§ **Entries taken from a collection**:
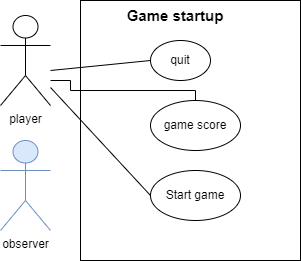

The diagram above was exported from draw.io. Its source (the exported page's mxGraphModel, read from the mxfile embedded in the PNG):
<mxGraphModel dx="1036" dy="654" grid="1" gridSize="10" guides="1" tooltips="1" connect="1" arrows="1" fold="1" page="1" pageScale="1" pageWidth="850" pageHeight="1100" math="0" shadow="0">
  <root>
    <mxCell id="0" />
    <mxCell id="1" parent="0" />
    <mxCell id="TvlSvcQ9l6WC0FbuJ87L-4" style="edgeStyle=orthogonalEdgeStyle;rounded=0;orthogonalLoop=1;jettySize=auto;html=1;endArrow=none;endFill=0;" parent="1" target="HG-JwuExB57JFRzLFj7p-6" edge="1">
      <mxGeometry relative="1" as="geometry">
        <mxPoint x="130" y="220" as="sourcePoint" />
        <Array as="points">
          <mxPoint x="150" y="220" />
          <mxPoint x="150" y="230" />
          <mxPoint x="275" y="230" />
        </Array>
      </mxGeometry>
    </mxCell>
    <mxCell id="HG-JwuExB57JFRzLFj7p-1" value="player" style="shape=umlActor;verticalLabelPosition=bottom;verticalAlign=top;html=1;outlineConnect=0;" parent="1" vertex="1">
      <mxGeometry x="80" y="155" width="50" height="90" as="geometry" />
    </mxCell>
    <mxCell id="HG-JwuExB57JFRzLFj7p-5" value="&lt;font size=&quot;1&quot; style=&quot;&quot;&gt;&lt;b style=&quot;font-size: 15px;&quot;&gt;Game startup&lt;/b&gt;&lt;/font&gt;" style="text;html=1;strokeColor=none;fillColor=none;align=center;verticalAlign=middle;whiteSpace=wrap;rounded=0;" parent="1" vertex="1">
      <mxGeometry x="150" y="140" width="210" height="30" as="geometry" />
    </mxCell>
    <mxCell id="HG-JwuExB57JFRzLFj7p-6" value="game score" style="ellipse;whiteSpace=wrap;html=1;fillColor=none;" parent="1" vertex="1">
      <mxGeometry x="230" y="240" width="90" height="50" as="geometry" />
    </mxCell>
    <mxCell id="HG-JwuExB57JFRzLFj7p-7" value="quit" style="ellipse;whiteSpace=wrap;html=1;fillColor=none;" parent="1" vertex="1">
      <mxGeometry x="230" y="180" width="60" height="40" as="geometry" />
    </mxCell>
    <mxCell id="HG-JwuExB57JFRzLFj7p-8" value="Start game" style="ellipse;whiteSpace=wrap;html=1;fillColor=none;" parent="1" vertex="1">
      <mxGeometry x="230" y="310" width="90" height="50" as="geometry" />
    </mxCell>
    <mxCell id="HG-JwuExB57JFRzLFj7p-11" value="" style="endArrow=none;html=1;rounded=0;entryX=0;entryY=0.5;entryDx=0;entryDy=0;" parent="1" target="HG-JwuExB57JFRzLFj7p-7" edge="1">
      <mxGeometry width="50" height="50" relative="1" as="geometry">
        <mxPoint x="130" y="210" as="sourcePoint" />
        <mxPoint x="430" y="230" as="targetPoint" />
      </mxGeometry>
    </mxCell>
    <mxCell id="HG-JwuExB57JFRzLFj7p-14" value="" style="endArrow=none;html=1;rounded=0;entryX=0;entryY=0.5;entryDx=0;entryDy=0;" parent="1" source="HG-JwuExB57JFRzLFj7p-1" target="HG-JwuExB57JFRzLFj7p-8" edge="1">
      <mxGeometry width="50" height="50" relative="1" as="geometry">
        <mxPoint x="380" y="280" as="sourcePoint" />
        <mxPoint x="430" y="230" as="targetPoint" />
      </mxGeometry>
    </mxCell>
    <mxCell id="TvlSvcQ9l6WC0FbuJ87L-6" value="" style="rounded=0;whiteSpace=wrap;html=1;fillColor=none;" parent="1" vertex="1">
      <mxGeometry x="160" y="140" width="220" height="260" as="geometry" />
    </mxCell>
    <mxCell id="rieUio3d1zxUQsJ9gv6g-1" value="observer" style="shape=umlActor;verticalLabelPosition=bottom;verticalAlign=top;html=1;outlineConnect=0;fillColor=#dae8fc;strokeColor=#6c8ebf;" vertex="1" parent="1">
      <mxGeometry x="80" y="280" width="50" height="90" as="geometry" />
    </mxCell>
  </root>
</mxGraphModel>
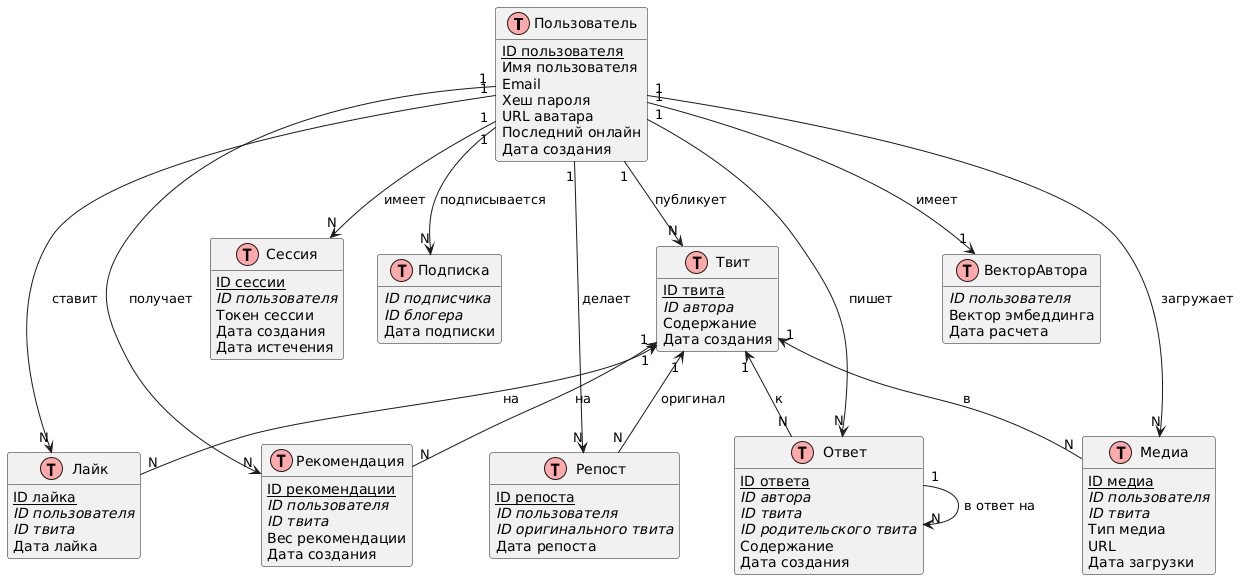

The diagram above was rendered by PlantUML. Its source (embedded in the PNG):
@startuml
!define table(x) class x << (T,#FFAAAA) >>
!define primary_key(x) <u>x</u>
!define foreign_key(x) <i>x</i>

hide methods
hide stereotypes

' Таблица Пользователь
table(Пользователь) {
  <u>ID пользователя</u>
  Имя пользователя
  Email
  Хеш пароля
  URL аватара
  Последний онлайн
  Дата создания
}

' Таблица Сессия
table(Сессия) {
  <u>ID сессии</u>
  <i>ID пользователя</i>
  Токен сессии
  Дата создания
  Дата истечения
}

' Таблица Твит
table(Твит) {
  <u>ID твита</u>
  <i>ID автора</i>
  Содержание
  Дата создания
}

' Таблица Подписка
table(Подписка) {
  <i>ID подписчика</i>
  <i>ID блогера</i>
  Дата подписки
}

' Таблица Лайк
table(Лайк) {
  <u>ID лайка</u>
  <i>ID пользователя</i>
  <i>ID твита</i>
  Дата лайка
}

' Таблица Ответ
table(Ответ) {
  <u>ID ответа</u>
  <i>ID автора</i>
  <i>ID твита</i>
  <i>ID родительского твита</i>
  Содержание
  Дата создания
}

' Таблица Репост
table(Репост) {
  <u>ID репоста</u>
  <i>ID пользователя</i>
  <i>ID оригинального твита</i>
  Дата репоста
}

' Таблица Рекомендация
table(Рекомендация) {
  <u>ID рекомендации</u>
  <i>ID пользователя</i>
  <i>ID твита</i>
  Вес рекомендации
  Дата создания
}

' Таблица ВекторАвтора
table(ВекторАвтора) {
  <i>ID пользователя</i>
  Вектор эмбеддинга
  Дата расчета
}

' Таблица Медиа
table(Медиа) {
  <u>ID медиа</u>
  <i>ID пользователя</i>
  <i>ID твита</i>
  Тип медиа
  URL
  Дата загрузки
}

' Связи
Пользователь "1" -d-> "N" Сессия : имеет
Пользователь "1" -d-> "N" Твит : публикует
Пользователь "1" -d-> "N" Подписка : подписывается

Пользователь "1" -d-> "N" Лайк : ставит
Лайк "N" -u-> "1" Твит : на

Пользователь "1" -d-> "N" Ответ : пишет
Ответ "N" -u-> "1" Твит : к
Ответ "1" -d-> "N" Ответ : в ответ на

Пользователь "1" -d-> "N" Репост : делает
Репост "N" -u-> "1" Твит : оригинал

Пользователь "1" -d-> "N" Рекомендация : получает
Рекомендация "N" -u-> "1" Твит : на

Пользователь "1" -d-> "1" ВекторАвтора : имеет

Пользователь "1" -d-> "N" Медиа : загружает
Медиа "N" -u-> "1" Твит : в
@enduml

§ **Exercise instructions**: Drop the pictures and set down the data above exactly.

§ **Your solution**:
The diagram above was exported from draw.io. Its source (the exported page's mxGraphModel, read from the mxfile embedded in the PNG):
<mxGraphModel dx="1036" dy="654" grid="1" gridSize="10" guides="1" tooltips="1" connect="1" arrows="1" fold="1" page="1" pageScale="1" pageWidth="850" pageHeight="1100" math="0" shadow="0">
  <root>
    <mxCell id="0" />
    <mxCell id="1" parent="0" />
    <mxCell id="TvlSvcQ9l6WC0FbuJ87L-4" style="edgeStyle=orthogonalEdgeStyle;rounded=0;orthogonalLoop=1;jettySize=auto;html=1;endArrow=none;endFill=0;" parent="1" target="HG-JwuExB57JFRzLFj7p-6" edge="1">
      <mxGeometry relative="1" as="geometry">
        <mxPoint x="130" y="220" as="sourcePoint" />
        <Array as="points">
          <mxPoint x="150" y="220" />
          <mxPoint x="150" y="230" />
          <mxPoint x="275" y="230" />
        </Array>
      </mxGeometry>
    </mxCell>
    <mxCell id="HG-JwuExB57JFRzLFj7p-1" value="player" style="shape=umlActor;verticalLabelPosition=bottom;verticalAlign=top;html=1;outlineConnect=0;" parent="1" vertex="1">
      <mxGeometry x="80" y="155" width="50" height="90" as="geometry" />
    </mxCell>
    <mxCell id="HG-JwuExB57JFRzLFj7p-5" value="&lt;font size=&quot;1&quot; style=&quot;&quot;&gt;&lt;b style=&quot;font-size: 15px;&quot;&gt;Game startup&lt;/b&gt;&lt;/font&gt;" style="text;html=1;strokeColor=none;fillColor=none;align=center;verticalAlign=middle;whiteSpace=wrap;rounded=0;" parent="1" vertex="1">
      <mxGeometry x="150" y="140" width="210" height="30" as="geometry" />
    </mxCell>
    <mxCell id="HG-JwuExB57JFRzLFj7p-6" value="game score" style="ellipse;whiteSpace=wrap;html=1;fillColor=none;" parent="1" vertex="1">
      <mxGeometry x="230" y="240" width="90" height="50" as="geometry" />
    </mxCell>
    <mxCell id="HG-JwuExB57JFRzLFj7p-7" value="quit" style="ellipse;whiteSpace=wrap;html=1;fillColor=none;" parent="1" vertex="1">
      <mxGeometry x="230" y="180" width="60" height="40" as="geometry" />
    </mxCell>
    <mxCell id="HG-JwuExB57JFRzLFj7p-8" value="Start game" style="ellipse;whiteSpace=wrap;html=1;fillColor=none;" parent="1" vertex="1">
      <mxGeometry x="230" y="310" width="90" height="50" as="geometry" />
    </mxCell>
    <mxCell id="HG-JwuExB57JFRzLFj7p-11" value="" style="endArrow=none;html=1;rounded=0;entryX=0;entryY=0.5;entryDx=0;entryDy=0;" parent="1" target="HG-JwuExB57JFRzLFj7p-7" edge="1">
      <mxGeometry width="50" height="50" relative="1" as="geometry">
        <mxPoint x="130" y="210" as="sourcePoint" />
        <mxPoint x="430" y="230" as="targetPoint" />
      </mxGeometry>
    </mxCell>
    <mxCell id="HG-JwuExB57JFRzLFj7p-14" value="" style="endArrow=none;html=1;rounded=0;entryX=0;entryY=0.5;entryDx=0;entryDy=0;" parent="1" source="HG-JwuExB57JFRzLFj7p-1" target="HG-JwuExB57JFRzLFj7p-8" edge="1">
      <mxGeometry width="50" height="50" relative="1" as="geometry">
        <mxPoint x="380" y="280" as="sourcePoint" />
        <mxPoint x="430" y="230" as="targetPoint" />
      </mxGeometry>
    </mxCell>
    <mxCell id="TvlSvcQ9l6WC0FbuJ87L-6" value="" style="rounded=0;whiteSpace=wrap;html=1;fillColor=none;" parent="1" vertex="1">
      <mxGeometry x="160" y="140" width="220" height="260" as="geometry" />
    </mxCell>
    <mxCell id="rieUio3d1zxUQsJ9gv6g-1" value="observer" style="shape=umlActor;verticalLabelPosition=bottom;verticalAlign=top;html=1;outlineConnect=0;fillColor=#dae8fc;strokeColor=#6c8ebf;" vertex="1" parent="1">
      <mxGeometry x="80" y="280" width="50" height="90" as="geometry" />
    </mxCell>
  </root>
</mxGraphModel>

The diagram above was rendered by PlantUML. Its source (embedded in the PNG):
@startuml
!define table(x) class x << (T,#FFAAAA) >>
!define primary_key(x) <u>x</u>
!define foreign_key(x) <i>x</i>

hide methods
hide stereotypes

' Таблица Пользователь
table(Пользователь) {
  <u>ID пользователя</u>
  Имя пользователя
  Email
  Хеш пароля
  URL аватара
  Последний онлайн
  Дата создания
}

' Таблица Сессия
table(Сессия) {
  <u>ID сессии</u>
  <i>ID пользователя</i>
  Токен сессии
  Дата создания
  Дата истечения
}

' Таблица Твит
table(Твит) {
  <u>ID твита</u>
  <i>ID автора</i>
  Содержание
  Дата создания
}

' Таблица Подписка
table(Подписка) {
  <i>ID подписчика</i>
  <i>ID блогера</i>
  Дата подписки
}

' Таблица Лайк
table(Лайк) {
  <u>ID лайка</u>
  <i>ID пользователя</i>
  <i>ID твита</i>
  Дата лайка
}

' Таблица Ответ
table(Ответ) {
  <u>ID ответа</u>
  <i>ID автора</i>
  <i>ID твита</i>
  <i>ID родительского твита</i>
  Содержание
  Дата создания
}

' Таблица Репост
table(Репост) {
  <u>ID репоста</u>
  <i>ID пользователя</i>
  <i>ID оригинального твита</i>
  Дата репоста
}

' Таблица Рекомендация
table(Рекомендация) {
  <u>ID рекомендации</u>
  <i>ID пользователя</i>
  <i>ID твита</i>
  Вес рекомендации
  Дата создания
}

' Таблица ВекторАвтора
table(ВекторАвтора) {
  <i>ID пользователя</i>
  Вектор эмбеддинга
  Дата расчета
}

' Таблица Медиа
table(Медиа) {
  <u>ID медиа</u>
  <i>ID пользователя</i>
  <i>ID твита</i>
  Тип медиа
  URL
  Дата загрузки
}

' Связи
Пользователь "1" -d-> "N" Сессия : имеет
Пользователь "1" -d-> "N" Твит : публикует
Пользователь "1" -d-> "N" Подписка : подписывается

Пользователь "1" -d-> "N" Лайк : ставит
Лайк "N" -u-> "1" Твит : на

Пользователь "1" -d-> "N" Ответ : пишет
Ответ "N" -u-> "1" Твит : к
Ответ "1" -d-> "N" Ответ : в ответ на

Пользователь "1" -d-> "N" Репост : делает
Репост "N" -u-> "1" Твит : оригинал

Пользователь "1" -d-> "N" Рекомендация : получает
Рекомендация "N" -u-> "1" Твит : на

Пользователь "1" -d-> "1" ВекторАвтора : имеет

Пользователь "1" -d-> "N" Медиа : загружает
Медиа "N" -u-> "1" Твит : в
@enduml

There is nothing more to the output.